WHAT YOU NEED TO DO: The answer must consist of every line from the entries that holds the word "each".

Dataset entries:
+-------+

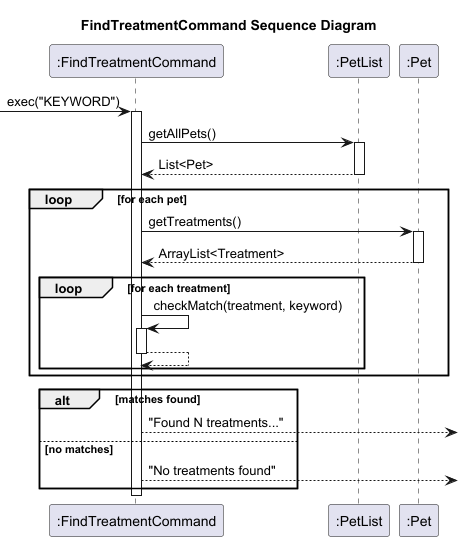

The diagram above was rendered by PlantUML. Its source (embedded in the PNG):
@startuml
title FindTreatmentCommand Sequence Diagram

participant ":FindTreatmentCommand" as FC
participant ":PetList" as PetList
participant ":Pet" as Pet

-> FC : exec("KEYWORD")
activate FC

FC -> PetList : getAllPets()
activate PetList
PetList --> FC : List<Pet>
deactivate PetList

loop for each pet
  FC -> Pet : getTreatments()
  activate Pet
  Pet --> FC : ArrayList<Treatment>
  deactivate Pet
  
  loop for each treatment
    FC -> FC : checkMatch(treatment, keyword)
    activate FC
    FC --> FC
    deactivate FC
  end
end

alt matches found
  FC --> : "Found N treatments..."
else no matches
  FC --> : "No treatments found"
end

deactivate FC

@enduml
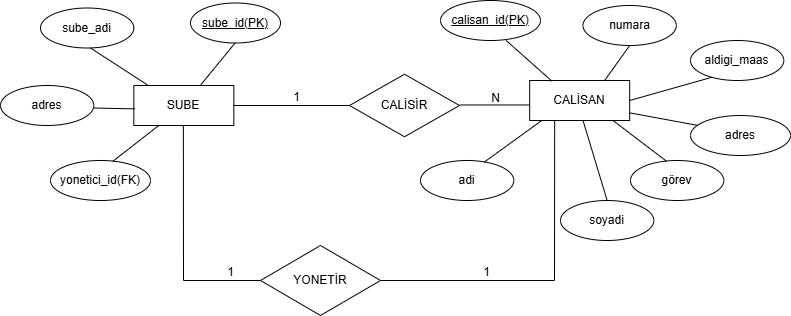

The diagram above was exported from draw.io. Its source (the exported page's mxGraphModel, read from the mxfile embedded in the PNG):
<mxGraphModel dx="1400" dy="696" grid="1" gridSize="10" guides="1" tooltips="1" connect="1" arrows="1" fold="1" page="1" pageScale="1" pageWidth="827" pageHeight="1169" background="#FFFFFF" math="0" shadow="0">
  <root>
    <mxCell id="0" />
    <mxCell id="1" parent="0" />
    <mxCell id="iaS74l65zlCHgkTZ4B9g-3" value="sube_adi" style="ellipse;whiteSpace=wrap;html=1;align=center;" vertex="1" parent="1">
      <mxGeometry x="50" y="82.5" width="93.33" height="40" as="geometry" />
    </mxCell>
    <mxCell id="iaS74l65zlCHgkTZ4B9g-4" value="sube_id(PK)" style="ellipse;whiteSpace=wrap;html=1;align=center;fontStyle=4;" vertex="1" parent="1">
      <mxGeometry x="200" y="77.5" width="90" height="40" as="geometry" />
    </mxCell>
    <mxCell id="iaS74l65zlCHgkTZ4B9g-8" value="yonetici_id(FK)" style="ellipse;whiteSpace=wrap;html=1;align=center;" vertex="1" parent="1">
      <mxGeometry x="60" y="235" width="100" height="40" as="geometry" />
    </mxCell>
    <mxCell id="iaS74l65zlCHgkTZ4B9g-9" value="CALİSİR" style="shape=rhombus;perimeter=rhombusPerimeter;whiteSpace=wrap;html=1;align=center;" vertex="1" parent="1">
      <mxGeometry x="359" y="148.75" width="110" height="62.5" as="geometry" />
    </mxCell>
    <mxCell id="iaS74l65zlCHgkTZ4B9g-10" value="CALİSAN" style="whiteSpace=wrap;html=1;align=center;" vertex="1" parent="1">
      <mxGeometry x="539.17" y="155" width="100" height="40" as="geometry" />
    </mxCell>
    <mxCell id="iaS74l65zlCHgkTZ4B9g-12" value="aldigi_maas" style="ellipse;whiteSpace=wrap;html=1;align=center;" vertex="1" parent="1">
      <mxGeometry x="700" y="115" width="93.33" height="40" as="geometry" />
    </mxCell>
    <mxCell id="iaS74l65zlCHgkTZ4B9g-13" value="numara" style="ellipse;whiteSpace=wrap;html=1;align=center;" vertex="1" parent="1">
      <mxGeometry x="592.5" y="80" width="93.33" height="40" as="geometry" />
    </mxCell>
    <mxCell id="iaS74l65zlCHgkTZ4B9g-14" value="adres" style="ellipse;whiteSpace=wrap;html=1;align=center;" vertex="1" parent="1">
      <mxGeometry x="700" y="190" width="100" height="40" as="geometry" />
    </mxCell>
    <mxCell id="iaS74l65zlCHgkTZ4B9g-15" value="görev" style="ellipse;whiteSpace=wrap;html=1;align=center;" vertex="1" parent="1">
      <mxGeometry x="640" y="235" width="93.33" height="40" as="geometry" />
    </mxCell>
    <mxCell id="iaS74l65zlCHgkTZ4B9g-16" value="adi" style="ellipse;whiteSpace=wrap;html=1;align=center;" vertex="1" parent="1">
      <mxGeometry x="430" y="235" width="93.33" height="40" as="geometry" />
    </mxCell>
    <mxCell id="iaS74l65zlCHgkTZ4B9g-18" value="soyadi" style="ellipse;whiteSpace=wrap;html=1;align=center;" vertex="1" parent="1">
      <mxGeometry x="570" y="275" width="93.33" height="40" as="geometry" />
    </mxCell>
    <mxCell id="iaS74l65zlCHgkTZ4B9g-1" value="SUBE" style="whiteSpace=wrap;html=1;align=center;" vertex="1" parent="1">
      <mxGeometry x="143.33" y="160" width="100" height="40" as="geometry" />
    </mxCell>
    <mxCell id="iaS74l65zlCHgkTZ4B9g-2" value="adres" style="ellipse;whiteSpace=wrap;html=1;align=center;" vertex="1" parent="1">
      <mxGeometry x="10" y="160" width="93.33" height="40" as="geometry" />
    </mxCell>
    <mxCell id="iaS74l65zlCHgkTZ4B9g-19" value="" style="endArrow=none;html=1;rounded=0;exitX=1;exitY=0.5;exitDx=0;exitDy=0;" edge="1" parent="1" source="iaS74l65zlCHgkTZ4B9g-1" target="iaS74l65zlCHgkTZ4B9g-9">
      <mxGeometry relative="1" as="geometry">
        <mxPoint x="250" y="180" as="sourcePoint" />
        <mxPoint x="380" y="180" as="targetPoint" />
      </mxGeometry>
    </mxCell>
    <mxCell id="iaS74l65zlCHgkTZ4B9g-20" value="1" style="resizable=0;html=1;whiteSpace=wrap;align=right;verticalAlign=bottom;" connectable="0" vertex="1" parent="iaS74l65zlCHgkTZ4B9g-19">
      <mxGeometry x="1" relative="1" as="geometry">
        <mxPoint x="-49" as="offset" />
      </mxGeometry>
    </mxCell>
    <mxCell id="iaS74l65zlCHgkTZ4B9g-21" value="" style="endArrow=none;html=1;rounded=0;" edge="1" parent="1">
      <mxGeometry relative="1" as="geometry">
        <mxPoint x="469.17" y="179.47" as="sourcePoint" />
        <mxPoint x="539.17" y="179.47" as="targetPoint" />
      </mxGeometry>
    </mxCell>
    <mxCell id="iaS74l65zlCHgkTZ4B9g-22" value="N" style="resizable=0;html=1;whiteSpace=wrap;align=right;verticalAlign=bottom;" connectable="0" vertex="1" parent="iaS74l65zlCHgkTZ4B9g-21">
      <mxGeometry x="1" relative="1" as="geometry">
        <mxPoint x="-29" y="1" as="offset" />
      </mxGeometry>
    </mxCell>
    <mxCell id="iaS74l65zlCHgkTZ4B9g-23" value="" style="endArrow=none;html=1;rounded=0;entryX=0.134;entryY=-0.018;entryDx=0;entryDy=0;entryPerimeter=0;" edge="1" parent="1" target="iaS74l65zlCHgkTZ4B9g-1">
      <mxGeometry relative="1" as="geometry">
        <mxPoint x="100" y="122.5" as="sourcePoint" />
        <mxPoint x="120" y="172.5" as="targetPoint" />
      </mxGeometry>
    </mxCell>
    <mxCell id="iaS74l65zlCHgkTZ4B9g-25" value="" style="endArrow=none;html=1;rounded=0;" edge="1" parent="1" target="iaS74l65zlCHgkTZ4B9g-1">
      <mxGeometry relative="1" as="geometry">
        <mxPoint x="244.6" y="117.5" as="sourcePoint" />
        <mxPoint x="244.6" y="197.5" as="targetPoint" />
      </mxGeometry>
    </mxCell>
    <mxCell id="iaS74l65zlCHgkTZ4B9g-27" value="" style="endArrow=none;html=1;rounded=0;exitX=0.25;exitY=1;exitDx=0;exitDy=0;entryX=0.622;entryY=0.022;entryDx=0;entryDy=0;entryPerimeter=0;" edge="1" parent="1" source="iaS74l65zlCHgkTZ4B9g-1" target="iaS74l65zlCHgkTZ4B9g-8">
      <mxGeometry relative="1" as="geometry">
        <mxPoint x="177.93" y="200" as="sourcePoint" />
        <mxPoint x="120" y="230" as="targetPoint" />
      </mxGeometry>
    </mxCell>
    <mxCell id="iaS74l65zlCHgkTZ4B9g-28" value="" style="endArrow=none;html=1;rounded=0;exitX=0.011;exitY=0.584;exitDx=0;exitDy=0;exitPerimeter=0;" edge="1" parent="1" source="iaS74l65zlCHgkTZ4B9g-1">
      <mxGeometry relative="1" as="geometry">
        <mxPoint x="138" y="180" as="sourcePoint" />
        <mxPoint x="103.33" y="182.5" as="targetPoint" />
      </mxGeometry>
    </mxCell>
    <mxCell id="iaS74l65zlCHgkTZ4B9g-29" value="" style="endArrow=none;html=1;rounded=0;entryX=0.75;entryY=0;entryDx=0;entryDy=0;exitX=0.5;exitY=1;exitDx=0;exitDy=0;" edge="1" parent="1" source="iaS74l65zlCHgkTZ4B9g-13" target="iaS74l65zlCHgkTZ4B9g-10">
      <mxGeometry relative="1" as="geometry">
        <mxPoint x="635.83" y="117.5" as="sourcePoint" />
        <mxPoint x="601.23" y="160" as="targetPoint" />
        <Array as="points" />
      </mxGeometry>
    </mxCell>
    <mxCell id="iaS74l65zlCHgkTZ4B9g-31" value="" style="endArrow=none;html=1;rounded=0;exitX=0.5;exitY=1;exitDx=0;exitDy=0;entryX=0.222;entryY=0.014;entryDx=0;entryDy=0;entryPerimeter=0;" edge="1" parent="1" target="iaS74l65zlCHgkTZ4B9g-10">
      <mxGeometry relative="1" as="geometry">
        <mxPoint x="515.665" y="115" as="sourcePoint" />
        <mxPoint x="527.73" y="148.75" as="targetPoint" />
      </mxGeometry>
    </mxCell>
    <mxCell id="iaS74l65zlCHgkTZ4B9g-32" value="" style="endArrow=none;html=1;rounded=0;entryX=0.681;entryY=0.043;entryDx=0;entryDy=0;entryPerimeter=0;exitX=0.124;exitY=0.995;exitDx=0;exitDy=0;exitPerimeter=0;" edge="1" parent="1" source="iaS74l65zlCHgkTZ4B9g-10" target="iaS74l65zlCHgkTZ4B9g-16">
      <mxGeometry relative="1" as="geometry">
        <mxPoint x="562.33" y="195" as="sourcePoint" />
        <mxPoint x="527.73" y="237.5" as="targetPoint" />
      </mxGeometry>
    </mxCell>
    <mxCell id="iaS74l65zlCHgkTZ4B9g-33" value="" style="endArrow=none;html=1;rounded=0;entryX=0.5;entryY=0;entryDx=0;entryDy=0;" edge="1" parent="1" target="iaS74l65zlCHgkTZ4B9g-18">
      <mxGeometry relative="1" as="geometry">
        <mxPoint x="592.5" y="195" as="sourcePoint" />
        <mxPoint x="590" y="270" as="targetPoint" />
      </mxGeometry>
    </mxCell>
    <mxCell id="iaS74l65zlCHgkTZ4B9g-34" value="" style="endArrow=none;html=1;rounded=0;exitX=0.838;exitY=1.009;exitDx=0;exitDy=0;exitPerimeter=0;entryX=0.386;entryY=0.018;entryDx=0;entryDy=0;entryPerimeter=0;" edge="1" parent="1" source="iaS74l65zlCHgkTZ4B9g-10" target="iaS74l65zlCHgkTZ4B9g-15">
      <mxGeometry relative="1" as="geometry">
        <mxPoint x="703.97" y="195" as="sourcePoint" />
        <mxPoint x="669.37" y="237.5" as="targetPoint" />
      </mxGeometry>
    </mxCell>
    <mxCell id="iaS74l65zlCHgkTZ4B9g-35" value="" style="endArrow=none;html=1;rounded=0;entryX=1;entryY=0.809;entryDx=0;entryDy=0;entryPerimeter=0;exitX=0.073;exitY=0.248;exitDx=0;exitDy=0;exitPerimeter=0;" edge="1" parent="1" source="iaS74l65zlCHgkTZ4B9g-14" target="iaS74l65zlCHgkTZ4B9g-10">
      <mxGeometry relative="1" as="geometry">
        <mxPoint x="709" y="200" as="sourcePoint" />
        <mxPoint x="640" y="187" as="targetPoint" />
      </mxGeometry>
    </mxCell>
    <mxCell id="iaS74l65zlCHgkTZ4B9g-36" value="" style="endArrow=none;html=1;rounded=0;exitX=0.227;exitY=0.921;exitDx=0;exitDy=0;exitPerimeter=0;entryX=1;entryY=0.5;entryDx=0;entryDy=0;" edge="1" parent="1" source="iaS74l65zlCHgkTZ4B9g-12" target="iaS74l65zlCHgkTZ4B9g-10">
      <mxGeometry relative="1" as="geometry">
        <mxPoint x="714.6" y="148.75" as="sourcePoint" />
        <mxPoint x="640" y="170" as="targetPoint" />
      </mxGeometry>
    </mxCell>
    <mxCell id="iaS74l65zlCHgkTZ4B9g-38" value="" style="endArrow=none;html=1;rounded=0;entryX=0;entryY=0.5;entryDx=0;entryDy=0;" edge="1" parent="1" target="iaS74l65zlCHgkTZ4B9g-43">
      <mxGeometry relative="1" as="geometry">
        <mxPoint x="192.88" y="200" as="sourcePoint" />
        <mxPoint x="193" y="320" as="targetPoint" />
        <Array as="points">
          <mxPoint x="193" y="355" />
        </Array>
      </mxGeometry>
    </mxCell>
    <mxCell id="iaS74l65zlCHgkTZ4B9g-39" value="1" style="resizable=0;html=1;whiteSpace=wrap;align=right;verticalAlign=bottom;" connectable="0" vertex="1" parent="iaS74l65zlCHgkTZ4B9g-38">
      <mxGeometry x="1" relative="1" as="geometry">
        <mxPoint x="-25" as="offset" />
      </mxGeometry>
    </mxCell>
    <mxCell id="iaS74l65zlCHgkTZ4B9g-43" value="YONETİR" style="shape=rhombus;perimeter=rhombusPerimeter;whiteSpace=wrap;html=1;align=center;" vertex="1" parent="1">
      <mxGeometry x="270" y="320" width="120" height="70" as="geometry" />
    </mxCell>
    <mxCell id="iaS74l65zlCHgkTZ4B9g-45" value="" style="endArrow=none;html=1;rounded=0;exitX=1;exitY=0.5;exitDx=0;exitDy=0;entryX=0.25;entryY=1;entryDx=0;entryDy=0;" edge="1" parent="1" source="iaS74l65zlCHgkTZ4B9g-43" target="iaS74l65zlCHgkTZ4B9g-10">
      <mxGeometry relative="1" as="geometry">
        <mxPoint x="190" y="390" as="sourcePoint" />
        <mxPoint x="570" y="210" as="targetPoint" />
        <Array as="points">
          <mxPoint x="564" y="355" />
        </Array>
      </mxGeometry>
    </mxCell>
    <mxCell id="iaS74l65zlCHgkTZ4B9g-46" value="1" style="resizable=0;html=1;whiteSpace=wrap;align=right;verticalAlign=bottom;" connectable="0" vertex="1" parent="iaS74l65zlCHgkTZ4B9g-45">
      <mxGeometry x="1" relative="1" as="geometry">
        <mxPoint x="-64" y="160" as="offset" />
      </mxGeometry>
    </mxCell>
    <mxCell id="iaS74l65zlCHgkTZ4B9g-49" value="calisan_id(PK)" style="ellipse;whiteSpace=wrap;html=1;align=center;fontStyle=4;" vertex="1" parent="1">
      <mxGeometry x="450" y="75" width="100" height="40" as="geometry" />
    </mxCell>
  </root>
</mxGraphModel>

+-------+

RESULT OF THIS TASK:
loop for each pet
  loop for each treatment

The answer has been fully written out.